Pensé que era gripe, pero rápidamente se volvió un incontrolable ataque de tos, que en un día incrementó de manera terrible. No era el único: más de la mitad de los que nos refugiábamos en las bancas de una pequeña plaza derruida estabamos enfermos. Acudí como siempre a La Arbolada, pero no pude acercarme demasiado a la ventana; mis ataques de tos habían empeorado al llegar la noche y delataban mi posición. De quedarme mucho tiempo en un lugar, terminaría siendo detenido por la policía, alertada por las denuncias de los vecinos. Apenas me acerqué a la ventana me vino un ataque, y los amantes detuvieron su plática al escucharme. Desconsolado, me alejé; probablemente al día siguiente me encontraría mejor y podría esconderme sin toser.

Los días que siguieron apenas pude moverme. Refugiado en mis cobijas, bajo el transportador, varado en la vieja plaza de los indigentes, sucumbí a la enfermedad. Me despedí mentalmente de los amantes a los que no volvería a escuchar, pero que habían llenado de ilusión mis últimos días. El ardor en mi pecho y la falta de aliento acabarían conmigo tarde o temprano. Era una verdadera pesadilla.

Poco a poco mi respiración fue recobrando su normalidad. Alguien se había robado mi transportador dejándome solamente con las cobijas y los cartones. El día que pude sostenerme en pie lo primero que hice fue encaminarme a La Arbolada.

Cuando me acercaba, estuve a punto de desvanecerme: resentí toda la fuerza que mi cuerpo había perdido, pero logré llegar al domicilio. La ventana del primer piso nunca se encendió. Se habían mudado. Me quedé a dormir ahí mismo, derrotado. En las primeras horas de la mañana me encontraron los policías y me propinaron unas patadas para que aprendiera a no quedarme a dormir en el barrio. Como pude, me fui; logré conseguir algo de comer con unos amigos, y procuré descansar. Dos días después regresé a La Arbolada.

El departamento seguía deshabitado. Logré introducirme por la parte de atrás para atestiguar que el piso estaba completamente vacío. No había ni una pista que me indicara su paradero, pero antes de salir registré algunos resquicios: los espacios entre los marcos de las puertas, huecos en la duela de la cocina, lugares pequeños dentro de los clósets. Al final encontré un papelillo mal cortado. Decía lo siguiente: «Dile a la mudanza que el C.P. es 45140. Ceci».

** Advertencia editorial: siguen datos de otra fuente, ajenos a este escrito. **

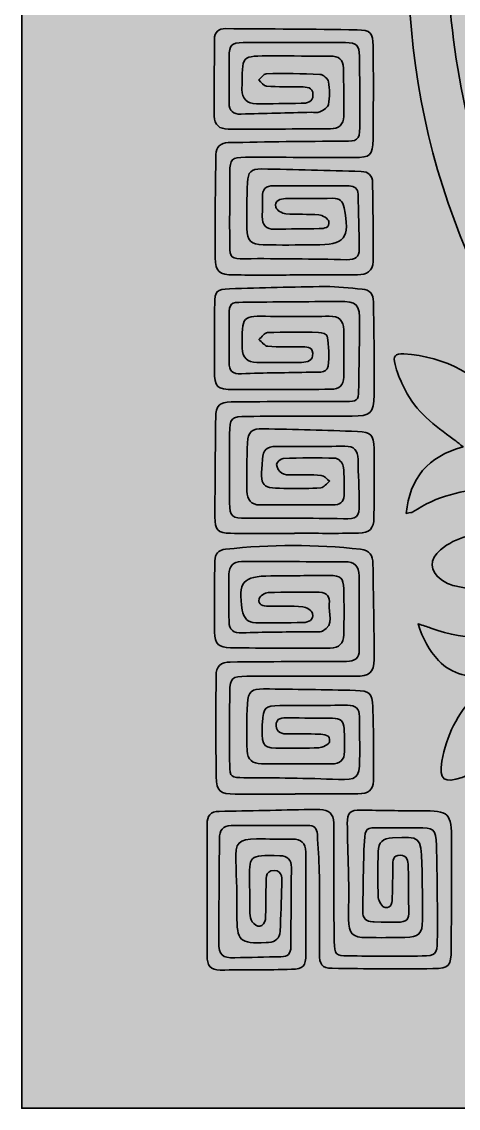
# Model space of a CAD drawing. Header units: inches. Extents: x 0.68 to 7.68, y -8.79 to -1.79.
# Drawn here: x 0.681 to 2.084, y -8.789 to -5.296 of the extents above; entities that cross this region are included whole.
import ezdxf

# ---------------------------------------------------------------- set-up
doc = ezdxf.new("R2010")
doc.units = ezdxf.units.IN
doc.header["$MEASUREMENT"] = 0
doc.layers.add('Layer 1', color=7, linetype='Continuous')

# ---------------------------------------------------------------- blocks, each defined once
blk = doc.blocks.new('block 2')
at = {"layer": 'Layer 1', "color": 250, "lineweight": 35, "true_color": 0x231f20}
for points, knots in [([(1.3443, -5.6412), (1.4538, -5.6412), (1.5634, -5.6409), (1.6729, -5.6405), (1.6992, -5.6404), (1.7152, -5.6266), (1.7157, -5.6007), (1.7167, -5.5488), (1.7159, -5.4968), (1.7146, -5.4449), (1.714, -5.4186), (1.7001, -5.4062), (1.6724, -5.4066), (1.6108, -5.4073), (1.5492, -5.4056), (1.4875, -5.4059), (1.3827, -5.4065), (1.3899, -5.4008), (1.3888, -5.5142), (1.3885, -5.5435), (1.4051, -5.5598), (1.4353, -5.5597), (1.4833, -5.5596), (1.5312, -5.5596), (1.5791, -5.5584), (1.5969, -5.5579), (1.6173, -5.5562), (1.617, -5.531), (1.6166, -5.5052), (1.5961, -5.5061), (1.5782, -5.5057), (1.5413, -5.5048), (1.5044, -5.5059), (1.4677, -5.5032), (1.4588, -5.5025), (1.4508, -5.4901), (1.4424, -5.483), (1.4505, -5.4761), (1.4585, -5.4634), (1.4667, -5.4632), (1.5242, -5.4621), (1.5817, -5.4625), (1.6391, -5.4654), (1.6491, -5.4659), (1.6652, -5.4794), (1.6668, -5.4889), (1.6709, -5.5128), (1.6709, -5.5382), (1.667, -5.5621), (1.6655, -5.5714), (1.6502, -5.5804), (1.6393, -5.5857), (1.6314, -5.5895), (1.6204, -5.587), (1.6109, -5.5872), (1.5358, -5.5891), (1.4608, -5.5905), (1.3857, -5.5931), (1.3596, -5.594), (1.3474, -5.5829), (1.3474, -5.5573), (1.3473, -5.508), (1.3469, -5.4587), (1.3475, -5.4095), (1.3479, -5.3704), (1.3539, -5.3636), (1.393, -5.3633), (1.5025, -5.3626), (1.6121, -5.3626), (1.7216, -5.3632), (1.7574, -5.3633), (1.7658, -5.3715), (1.7663, -5.4067), (1.7674, -5.4833), (1.7677, -5.5599), (1.7672, -5.6365), (1.7669, -5.6777), (1.7575, -5.6806), (1.7175, -5.6804), (1.5932, -5.6799), (1.4689, -5.6827), (1.3445, -5.6846), (1.3201, -5.685), (1.3053, -5.6992), (1.305, -5.7231), (1.3033, -5.8338), (1.3014, -5.9446), (1.3027, -6.0553), (1.3032, -6.0999), (1.3166, -6.1096), (1.3617, -6.11), (1.4261, -6.1106), (1.4904, -6.1102), (1.5548, -6.1102), (1.5548, -6.1099), (1.5548, -6.1097), (1.5548, -6.1095), (1.6233, -6.1095), (1.6917, -6.1093), (1.7602, -6.1095), (1.7891, -6.1096), (1.8098, -6.0976), (1.8101, -6.0673), (1.8108, -5.9826), (1.8099, -5.8979), (1.8085, -5.8131), (1.8081, -5.7912), (1.7955, -5.7779), (1.7719, -5.7773), (1.6652, -5.7745), (1.5586, -5.7709), (1.4519, -5.7692), (1.4174, -5.7687), (1.4076, -5.7793), (1.4064, -5.8133), (1.4046, -5.8625), (1.404, -5.9118), (1.4043, -5.9611), (1.4045, -5.999), (1.4178, -6.0124), (1.457, -6.0132), (1.5118, -6.0143), (1.5666, -6.0137), (1.6214, -6.0134), (1.7214, -6.0128), (1.7363, -5.9936), (1.7173, -5.8939), (1.7132, -5.8722), (1.7022, -5.8634), (1.6811, -5.8637), (1.6304, -5.8643), (1.5798, -5.8642), (1.5291, -5.8647), (1.5108, -5.8648), (1.4931, -5.8712), (1.4973, -5.8918), (1.4993, -5.9012), (1.5177, -5.9124), (1.5296, -5.9135), (1.5649, -5.9167), (1.6008, -5.9137), (1.6362, -5.9169), (1.6479, -5.918), (1.6663, -5.9293), (1.668, -5.9385), (1.6717, -5.9581), (1.6534, -5.961), (1.6373, -5.9611), (1.5894, -5.9617), (1.5415, -5.9623), (1.4936, -5.963), (1.4661, -5.9634), (1.4535, -5.9491), (1.4538, -5.9224), (1.454, -5.9019), (1.4559, -5.8813), (1.4545, -5.8608), (1.4527, -5.8339), (1.4654, -5.8231), (1.4905, -5.8232), (1.5713, -5.8235), (1.6521, -5.8237), (1.7329, -5.8241), (1.7503, -5.8242), (1.7617, -5.8314), (1.7621, -5.8507), (1.7633, -5.9095), (1.7651, -5.9684), (1.7657, -6.0272), (1.7659, -6.0528), (1.7525, -6.0616), (1.7261, -6.061), (1.6167, -6.0586), (1.5073, -6.0573), (1.3979, -6.0578), (1.3545, -6.058), (1.3498, -6.0574), (1.3494, -6.0147), (1.3488, -5.9367), (1.3494, -5.8587), (1.3498, -5.7807), (1.35, -5.7367), (1.3546, -5.732), (1.4002, -5.7319), (1.5166, -5.7318), (1.633, -5.7323), (1.7494, -5.7324), (1.8015, -5.7324), (1.8091, -5.7266), (1.8099, -5.6736), (1.8114, -5.5737), (1.8112, -5.4738), (1.8104, -5.374), (1.8101, -5.3331), (1.8016, -5.3228), (1.7589, -5.3221), (1.6182, -5.3195), (1.4774, -5.3195), (1.3367, -5.3183), (1.3132, -5.3182), (1.3003, -5.3293), (1.3002, -5.3528), (1.2998, -5.435), (1.2996, -5.5171), (1.2998, -5.5992), (1.2999, -5.6283), (1.3166, -5.6412), (1.3443, -5.6412)], [0, 0, 0, 0, 1, 1, 1, 2, 2, 2, 3, 3, 3, 4, 4, 4, 5, 5, 5, 6, 6, 6, 7, 7, 7, 8, 8, 8, 9, 9, 9, 10, 10, 10, 11, 11, 11, 12, 12, 12, 13, 13, 13, 14, 14, 14, 15, 15, 15, 16, 16, 16, 17, 17, 17, 18, 18, 18, 19, 19, 19, 20, 20, 20, 21, 21, 21, 22, 22, 22, 23, 23, 23, 24, 24, 24, 25, 25, 25, 26, 26, 26, 27, 27, 27, 28, 28, 28, 29, 29, 29, 30, 30, 30, 31, 31, 31, 32, 32, 32, 33, 33, 33, 34, 34, 34, 35, 35, 35, 36, 36, 36, 37, 37, 37, 38, 38, 38, 39, 39, 39, 40, 40, 40, 41, 41, 41, 42, 42, 42, 43, 43, 43, 44, 44, 44, 45, 45, 45, 46, 46, 46, 47, 47, 47, 48, 48, 48, 49, 49, 49, 50, 50, 50, 51, 51, 51, 52, 52, 52, 53, 53, 53, 54, 54, 54, 55, 55, 55, 56, 56, 56, 57, 57, 57, 58, 58, 58, 59, 59, 59, 60, 60, 60, 61, 61, 61, 62, 62, 62, 63, 63, 63, 64, 64, 64, 65, 65, 65, 66, 66, 66, 67, 67, 67, 68, 68, 68, 69, 69, 69, 69]), ([(1.4055, -6.5647), (1.5178, -6.564), (1.6301, -6.5641), (1.7424, -6.5637), (1.8017, -6.5635), (1.813, -6.555), (1.8137, -6.4955), (1.8149, -6.3957), (1.8126, -6.2958), (1.8114, -6.196), (1.8111, -6.1723), (1.8001, -6.1571), (1.7746, -6.1554), (1.7351, -6.1527), (1.6955, -6.1471), (1.656, -6.1474), (1.5535, -6.1484), (1.451, -6.1514), (1.3485, -6.1545), (1.3071, -6.1558), (1.3014, -6.162), (1.301, -6.2035), (1.3003, -6.2747), (1.3, -6.3458), (1.3004, -6.417), (1.3007, -6.4715), (1.3078, -6.4785), (1.3625, -6.4785), (1.4665, -6.4786), (1.5705, -6.4777), (1.6745, -6.4777), (1.7017, -6.4777), (1.7159, -6.4647), (1.7162, -6.4382), (1.7167, -6.3876), (1.7164, -6.337), (1.7157, -6.2863), (1.7152, -6.2566), (1.7007, -6.2421), (1.6692, -6.2428), (1.6063, -6.2441), (1.5433, -6.244), (1.4803, -6.2431), (1.3888, -6.2418), (1.3874, -6.2382), (1.3897, -6.3456), (1.3903, -6.3757), (1.4064, -6.3909), (1.4362, -6.391), (1.4841, -6.3913), (1.532, -6.3914), (1.5799, -6.391), (1.5993, -6.3909), (1.6176, -6.3857), (1.6161, -6.362), (1.6146, -6.3387), (1.5944, -6.3413), (1.5782, -6.3411), (1.5427, -6.3406), (1.507, -6.3423), (1.4717, -6.3395), (1.4616, -6.3386), (1.4525, -6.3251), (1.443, -6.3174), (1.4523, -6.3097), (1.4613, -6.2959), (1.4709, -6.2955), (1.5256, -6.2933), (1.5803, -6.2937), (1.635, -6.2947), (1.6448, -6.2949), (1.6624, -6.3014), (1.6629, -6.3065), (1.6664, -6.3386), (1.6715, -6.3722), (1.6653, -6.4031), (1.6599, -6.4296), (1.6294, -6.4218), (1.6085, -6.4224), (1.5348, -6.4246), (1.4609, -6.4243), (1.3872, -6.4278), (1.3576, -6.4292), (1.3473, -6.418), (1.3474, -6.3906), (1.3477, -6.34), (1.3468, -6.2893), (1.3475, -6.2387), (1.3481, -6.2014), (1.3522, -6.1982), (1.3918, -6.1978), (1.4944, -6.1969), (1.597, -6.196), (1.6996, -6.1954), (1.7592, -6.195), (1.7676, -6.2037), (1.7669, -6.2649), (1.766, -6.3372), (1.7648, -6.4095), (1.7636, -6.4818), (1.7631, -6.5133), (1.7572, -6.5172), (1.7232, -6.5172), (1.6001, -6.5169), (1.477, -6.517), (1.354, -6.5179), (1.317, -6.5182), (1.3047, -6.531), (1.3043, -6.5677), (1.3029, -6.6744), (1.302, -6.7811), (1.3018, -6.8878), (1.3017, -6.9297), (1.3105, -6.9396), (1.3521, -6.9404), (1.4205, -6.9419), (1.489, -6.9408), (1.5574, -6.9408), (1.5574, -6.9407), (1.5574, -6.9405), (1.5574, -6.9404), (1.6259, -6.9404), (1.6943, -6.9412), (1.7628, -6.94), (1.7995, -6.9393), (1.8124, -6.9258), (1.8128, -6.8896), (1.8137, -6.8158), (1.8142, -6.7419), (1.8132, -6.6681), (1.8126, -6.6242), (1.8037, -6.6148), (1.7597, -6.6131), (1.6587, -6.6092), (1.5576, -6.6066), (1.4565, -6.6044), (1.4206, -6.6036), (1.4084, -6.6136), (1.4066, -6.6493), (1.404, -6.7012), (1.4039, -6.7532), (1.4045, -6.8051), (1.4047, -6.8316), (1.4175, -6.8494), (1.4472, -6.8493), (1.5253, -6.8492), (1.6033, -6.8493), (1.6813, -6.8492), (1.7021, -6.8492), (1.7166, -6.8404), (1.7171, -6.8185), (1.7177, -6.7871), (1.7183, -6.7554), (1.7145, -6.7244), (1.7133, -6.7147), (1.6981, -6.6994), (1.6889, -6.6991), (1.633, -6.6972), (1.5768, -6.698), (1.5208, -6.7), (1.5131, -6.7003), (1.4994, -6.713), (1.4997, -6.7193), (1.5003, -6.7293), (1.5083, -6.7418), (1.517, -6.7477), (1.525, -6.7532), (1.538, -6.7522), (1.5489, -6.7524), (1.5803, -6.7532), (1.612, -6.7516), (1.6432, -6.7542), (1.6528, -6.755), (1.6614, -6.7664), (1.6705, -6.7729), (1.6611, -6.7803), (1.6522, -6.7934), (1.6423, -6.7942), (1.6084, -6.7972), (1.574, -6.7964), (1.5398, -6.7962), (1.4469, -6.7955), (1.448, -6.7953), (1.4542, -6.7025), (1.4563, -6.6724), (1.4695, -6.6612), (1.4976, -6.6612), (1.5716, -6.6614), (1.6455, -6.6613), (1.7194, -6.6607), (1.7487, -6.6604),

Es lo único con lo que cuento, un código postal. Tras preguntar, alguien me dijo que le sonaba cerca de las pescaderías. Ciertamente: el código era de esos rumbos, una zona bastante menos lujosa, sin tesoros en los basureros. No hay recolectores nocturnos, no hay cuadrillas de exploración, no hay cosas que valgan la pena. La comida barata se desecha casi sin nada que se pueda rescatar. Hoy en un basurero encontré un envoltorio de chicle marca Jimjom —Ceci y Rodrigo a veces lo consumían—; un envase de medio litro de agua Purelia con la etiqueta intacta; y un paquete vacío de cigarrillos Fulgor, pero sin la envoltura desprendida; no son ellos. No sé cuántas colonias conforman este código postal. Si el número en la placa de alguna calle coincide con el que tengo, reviso los desperdicios; si no, camino y sigo buscando.